Your job with the data below is to output exactly the lines from the one holding "#49=ORIENTED_EDGE('',*,*,#48,.F.);" down to the one holding "#108=VERTEX_POINT('',#107);", both included, and no others.

=== Dataset excerpts ===

==================================================

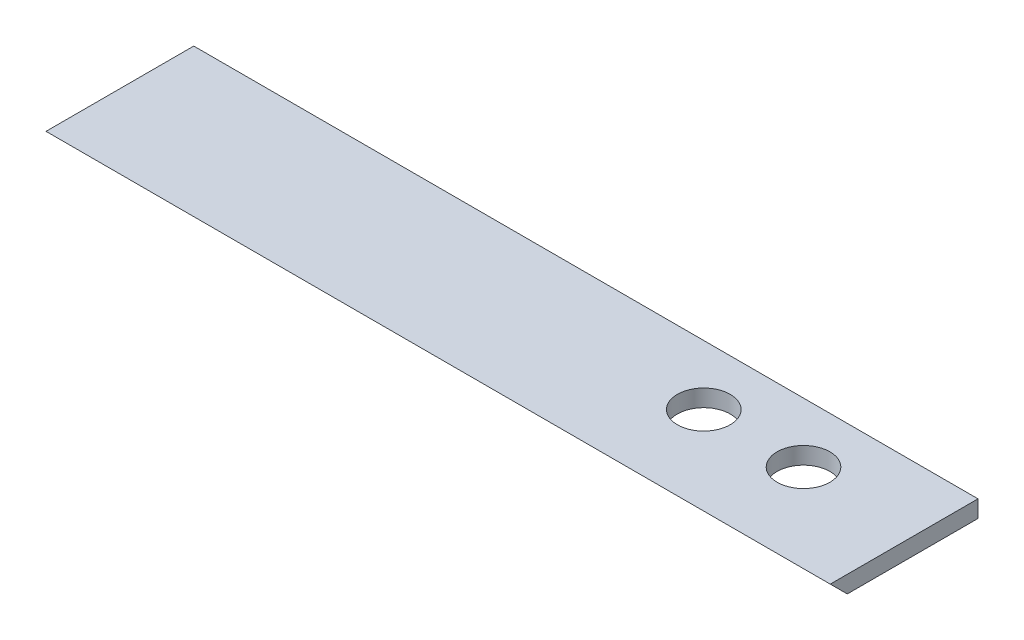
ISO-10303-21;
HEADER;
FILE_DESCRIPTION(('STEP AP214'),'2;1');
FILE_NAME('part.step','',(''),(''),'','','');
FILE_SCHEMA(('AUTOMOTIVE_DESIGN { 1 0 10303 214 1 1 1 1 }'));
ENDSEC;
DATA;
#1=APPLICATION_CONTEXT('core data for automotive mechanical design processes');
#2=APPLICATION_PROTOCOL_DEFINITION('international standard','automotive_design',2000,#1);
#3=PRODUCT_CONTEXT('',#1,'mechanical');
#4=PRODUCT('Part','Part','',(#3));
#5=PRODUCT_RELATED_PRODUCT_CATEGORY('part','',(#4));
#6=PRODUCT_DEFINITION_FORMATION('','',#4);
#7=PRODUCT_DEFINITION_CONTEXT('part definition',#1,'design');
#8=PRODUCT_DEFINITION('design','',#6,#7);
#9=PRODUCT_DEFINITION_SHAPE('','',#8);
#10=(LENGTH_UNIT() NAMED_UNIT(*) SI_UNIT(.MILLI.,.METRE.));
#11=(NAMED_UNIT(*) PLANE_ANGLE_UNIT() SI_UNIT($,.RADIAN.));
#12=(NAMED_UNIT(*) SI_UNIT($,.STERADIAN.) SOLID_ANGLE_UNIT());
#13=UNCERTAINTY_MEASURE_WITH_UNIT(LENGTH_MEASURE(1.E-05),#10,'distance_accuracy_value','');
#14=(GEOMETRIC_REPRESENTATION_CONTEXT(3) GLOBAL_UNCERTAINTY_ASSIGNED_CONTEXT((#13)) GLOBAL_UNIT_ASSIGNED_CONTEXT((#10,
#11,#12)) REPRESENTATION_CONTEXT('',''));
#15=CARTESIAN_POINT('',(0.,0.,0.));
#16=DIRECTION('',(0.,0.,1.));
#17=DIRECTION('',(1.,0.,0.));
#18=AXIS2_PLACEMENT_3D('',#15,#16,#17);
#19=CARTESIAN_POINT('',(813.499456959929,19.05,-149.281818106448));
#20=DIRECTION('',(1.,0.,0.));
#21=DIRECTION('',(0.,0.,-1.));
#22=AXIS2_PLACEMENT_3D('',#19,#20,#21);
#23=PLANE('',#22);
#24=DIRECTION('',(0.,0.707106781186551,0.707106781186544));
#25=VECTOR('',#24,1.);
#26=CARTESIAN_POINT('',(813.499456959929,-63.5,-66.7318181064474));
#27=LINE('',#26,#25);
#28=CARTESIAN_POINT('',(813.499456959929,0.,-3.23181810644817));
#29=VERTEX_POINT('',#28);
#30=CARTESIAN_POINT('',(813.499456959929,19.05,15.8181818935516));
#31=VERTEX_POINT('',#30);
#32=EDGE_CURVE('E107',#29,#31,#27,.T.);
#33=ORIENTED_EDGE('',*,*,#32,.F.);
#34=DIRECTION('',(0.,0.,1.));
#35=VECTOR('',#34,1.);
#36=CARTESIAN_POINT('',(813.499456959929,0.,-149.281818106448));
#37=LINE('',#36,#35);
#38=CARTESIAN_POINT('',(813.499456959929,0.,-149.281818106448));
#39=VERTEX_POINT('',#38);
#40=EDGE_CURVE('E85',#39,#29,#37,.T.);
#41=ORIENTED_EDGE('',*,*,#40,.F.);
#42=DIRECTION('',(0.,-1.,0.));
#43=VECTOR('',#42,1.);
#44=CARTESIAN_POINT('',(813.499456959929,19.05,-149.281818106448));
#45=LINE('',#44,#43);
#46=CARTESIAN_POINT('',(813.499456959929,19.05,-149.281818106448));
#47=VERTEX_POINT('',#46);
#48=EDGE_CURVE('E41',#47,#39,#45,.T.);
#49=ORIENTED_EDGE('',*,*,#48,.F.);
#50=DIRECTION('',(0.,0.,1.));
#51=VECTOR('',#50,1.);
#52=CARTESIAN_POINT('',(813.499456959929,19.05,-149.281818106448));
#53=LINE('',#52,#51);
#54=EDGE_CURVE('E93',#47,#31,#53,.T.);
#55=ORIENTED_EDGE('',*,*,#54,.T.);
#56=EDGE_LOOP('',(#33,#41,#49,#55));
#57=FACE_BOUND('',#56,.T.);
#58=ADVANCED_FACE('F34',(#57),#23,.T.);
#59=CARTESIAN_POINT('',(-62.800543040071,19.05,-149.281818106448));
#60=DIRECTION('',(0.,0.,-1.));
#61=DIRECTION('',(-1.,0.,0.));
#62=AXIS2_PLACEMENT_3D('',#59,#60,#61);
#63=PLANE('',#62);
#64=DIRECTION('',(1.,0.,0.));
#65=VECTOR('',#64,1.);
#66=CARTESIAN_POINT('',(-62.800543040071,0.,-149.281818106448));
#67=LINE('',#66,#65);
#68=CARTESIAN_POINT('',(-62.800543040071,0.,-149.281818106448));
#69=VERTEX_POINT('',#68);
#70=EDGE_CURVE('E80',#69,#39,#67,.T.);
#71=ORIENTED_EDGE('',*,*,#70,.F.);
#72=DIRECTION('',(0.,-1.,0.));
#73=VECTOR('',#72,1.);
#74=CARTESIAN_POINT('',(-62.800543040071,19.05,-149.281818106448));
#75=LINE('',#74,#73);
#76=CARTESIAN_POINT('',(-62.800543040071,19.05,-149.281818106448));
#77=VERTEX_POINT('',#76);
#78=EDGE_CURVE('E56',#77,#69,#75,.T.);
#79=ORIENTED_EDGE('',*,*,#78,.F.);
#80=DIRECTION('',(1.,0.,0.));
#81=VECTOR('',#80,1.);
#82=CARTESIAN_POINT('',(-62.800543040071,19.05,-149.281818106448));
#83=LINE('',#82,#81);
#84=EDGE_CURVE('E91',#77,#47,#83,.T.);
#85=ORIENTED_EDGE('',*,*,#84,.T.);
#86=ORIENTED_EDGE('',*,*,#48,.T.);
#87=EDGE_LOOP('',(#71,#79,#85,#86));
#88=FACE_BOUND('',#87,.T.);
#89=ADVANCED_FACE('F83',(#88),#63,.T.);
#90=CARTESIAN_POINT('',(-62.800543040071,19.05,-149.281818106448));
#91=DIRECTION('',(1.,0.,0.));
#92=DIRECTION('',(0.,0.,-1.));
#93=AXIS2_PLACEMENT_3D('',#90,#91,#92);
#94=PLANE('',#93);
#95=DIRECTION('',(0.,0.,1.));
#96=VECTOR('',#95,1.);
#97=CARTESIAN_POINT('',(-62.800543040071,0.,-149.281818106448));
#98=LINE('',#97,#96);
#99=CARTESIAN_POINT('',(-62.800543040071,0.,-3.2318181064481));
#100=VERTEX_POINT('',#99);
#101=EDGE_CURVE('E70',#69,#100,#98,.T.);
#102=ORIENTED_EDGE('',*,*,#101,.T.);
#103=DIRECTION('',(0.,-0.707106781186551,-0.707106781186544));
#104=VECTOR('',#103,1.);
#105=CARTESIAN_POINT('',(-62.800543040071,0.,-3.23181810644809));
#106=LINE('',#105,#104);
#107=CARTESIAN_POINT('',(-62.800543040071,19.05,15.8181818935517));
#108=VERTEX_POINT('',#107);
#109=EDGE_CURVE('E47',#108,#100,#106,.T.);
#110=ORIENTED_EDGE('',*,*,#109,.F.);
#111=DIRECTION('',(0.,0.,1.));
#112=VECTOR('',#111,1.);
#113=CARTESIAN_POINT('',(-62.800543040071,19.05,-149.281818106448));
#114=LINE('',#113,#112);
#115=EDGE_CURVE('E72',#77,#108,#114,.T.);
#116=ORIENTED_EDGE('',*,*,#115,.F.);
#117=ORIENTED_EDGE('',*,*,#78,.T.);
#118=EDGE_LOOP('',(#102,#110,#116,#117));
#119=FACE_BOUND('',#118,.T.);
#120=ADVANCED_FACE('F69',(#119),#94,.F.);
#121=CARTESIAN_POINT('',(0.,19.05,0.));
#122=DIRECTION('',(0.,-1.,0.));
#123=DIRECTION('',(0.,0.,-1.));
#124=AXIS2_PLACEMENT_3D('',#121,#122,#123);
#125=PLANE('',#124);
#126=CARTESIAN_POINT('',(685.24027425031,19.05,-82.5679467617447));
#127=DIRECTION('',(0.,1.,0.));
#128=DIRECTION('',(0.,0.,1.));
#129=AXIS2_PLACEMENT_3D('',#126,#127,#128);
#130=CIRCLE('',#129,29.499999928);
#131=CARTESIAN_POINT('',(685.24027425031,19.05,-53.0679468337446));
#132=VERTEX_POINT('',#131);
#133=EDGE_CURVE('E104',#132,#132,#130,.T.);
#134=ORIENTED_EDGE('',*,*,#133,.F.);
#135=EDGE_LOOP('',(#134));
#136=FACE_BOUND('',#135,.T.);
#137=CARTESIAN_POINT('',(573.905935057533,19.05,-82.4588113000032));
#138=DIRECTION('',(0.,1.,0.));
#139=DIRECTION('',(0.,0.,1.));
#140=AXIS2_PLACEMENT_3D('',#137,#138,#139);
#141=CIRCLE('',#140,29.4999999279999);
#142=CARTESIAN_POINT('',(573.905935057533,19.05,-52.9588113720032));
#143=VERTEX_POINT('',#142);
#144=EDGE_CURVE('E98',#143,#143,#141,.T.);
#145=ORIENTED_EDGE('',*,*,#144,.F.);
#146=EDGE_LOOP('',(#145));
#147=FACE_BOUND('',#146,.T.);
#148=DIRECTION('',(1.,0.,0.));
#149=VECTOR('',#148,1.);
#150=CARTESIAN_POINT('',(-62.800543040071,19.05,15.8181818935517));
#151=LINE('',#150,#149);
#152=EDGE_CURVE('E81',#108,#31,#151,.T.);
#153=ORIENTED_EDGE('',*,*,#152,.T.);
#154=ORIENTED_EDGE('',*,*,#54,.F.);
#155=ORIENTED_EDGE('',*,*,#84,.F.);
#156=ORIENTED_EDGE('',*,*,#115,.T.);
#157=EDGE_LOOP('',(#153,#154,#155,#156));
#158=FACE_BOUND('',#157,.T.);
#159=ADVANCED_FACE('F120',(#136,#147,#158),#125,.F.);
#160=CARTESIAN_POINT('',(0.,0.,0.));
#161=DIRECTION('',(0.,-1.,0.));
#162=DIRECTION('',(0.,0.,-1.));
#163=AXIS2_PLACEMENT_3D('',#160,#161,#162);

==================================================

=== Solution to this problem ===
#49=ORIENTED_EDGE('',*,*,#48,.F.);
#50=DIRECTION('',(0.,0.,1.));
#51=VECTOR('',#50,1.);
#52=CARTESIAN_POINT('',(813.499456959929,19.05,-149.281818106448));
#53=LINE('',#52,#51);
#54=EDGE_CURVE('E93',#47,#31,#53,.T.);
#55=ORIENTED_EDGE('',*,*,#54,.T.);
#56=EDGE_LOOP('',(#33,#41,#49,#55));
#57=FACE_BOUND('',#56,.T.);
#58=ADVANCED_FACE('F34',(#57),#23,.T.);
#59=CARTESIAN_POINT('',(-62.800543040071,19.05,-149.281818106448));
#60=DIRECTION('',(0.,0.,-1.));
#61=DIRECTION('',(-1.,0.,0.));
#62=AXIS2_PLACEMENT_3D('',#59,#60,#61);
#63=PLANE('',#62);
#64=DIRECTION('',(1.,0.,0.));
#65=VECTOR('',#64,1.);
#66=CARTESIAN_POINT('',(-62.800543040071,0.,-149.281818106448));
#67=LINE('',#66,#65);
#68=CARTESIAN_POINT('',(-62.800543040071,0.,-149.281818106448));
#69=VERTEX_POINT('',#68);
#70=EDGE_CURVE('E80',#69,#39,#67,.T.);
#71=ORIENTED_EDGE('',*,*,#70,.F.);
#72=DIRECTION('',(0.,-1.,0.));
#73=VECTOR('',#72,1.);
#74=CARTESIAN_POINT('',(-62.800543040071,19.05,-149.281818106448));
#75=LINE('',#74,#73);
#76=CARTESIAN_POINT('',(-62.800543040071,19.05,-149.281818106448));
#77=VERTEX_POINT('',#76);
#78=EDGE_CURVE('E56',#77,#69,#75,.T.);
#79=ORIENTED_EDGE('',*,*,#78,.F.);
#80=DIRECTION('',(1.,0.,0.));
#81=VECTOR('',#80,1.);
#82=CARTESIAN_POINT('',(-62.800543040071,19.05,-149.281818106448));
#83=LINE('',#82,#81);
#84=EDGE_CURVE('E91',#77,#47,#83,.T.);
#85=ORIENTED_EDGE('',*,*,#84,.T.);
#86=ORIENTED_EDGE('',*,*,#48,.T.);
#87=EDGE_LOOP('',(#71,#79,#85,#86));
#88=FACE_BOUND('',#87,.T.);
#89=ADVANCED_FACE('F83',(#88),#63,.T.);
#90=CARTESIAN_POINT('',(-62.800543040071,19.05,-149.281818106448));
#91=DIRECTION('',(1.,0.,0.));
#92=DIRECTION('',(0.,0.,-1.));
#93=AXIS2_PLACEMENT_3D('',#90,#91,#92);
#94=PLANE('',#93);
#95=DIRECTION('',(0.,0.,1.));
#96=VECTOR('',#95,1.);
#97=CARTESIAN_POINT('',(-62.800543040071,0.,-149.281818106448));
#98=LINE('',#97,#96);
#99=CARTESIAN_POINT('',(-62.800543040071,0.,-3.2318181064481));
#100=VERTEX_POINT('',#99);
#101=EDGE_CURVE('E70',#69,#100,#98,.T.);
#102=ORIENTED_EDGE('',*,*,#101,.T.);
#103=DIRECTION('',(0.,-0.707106781186551,-0.707106781186544));
#104=VECTOR('',#103,1.);
#105=CARTESIAN_POINT('',(-62.800543040071,0.,-3.23181810644809));
#106=LINE('',#105,#104);
#107=CARTESIAN_POINT('',(-62.800543040071,19.05,15.8181818935517));
#108=VERTEX_POINT('',#107);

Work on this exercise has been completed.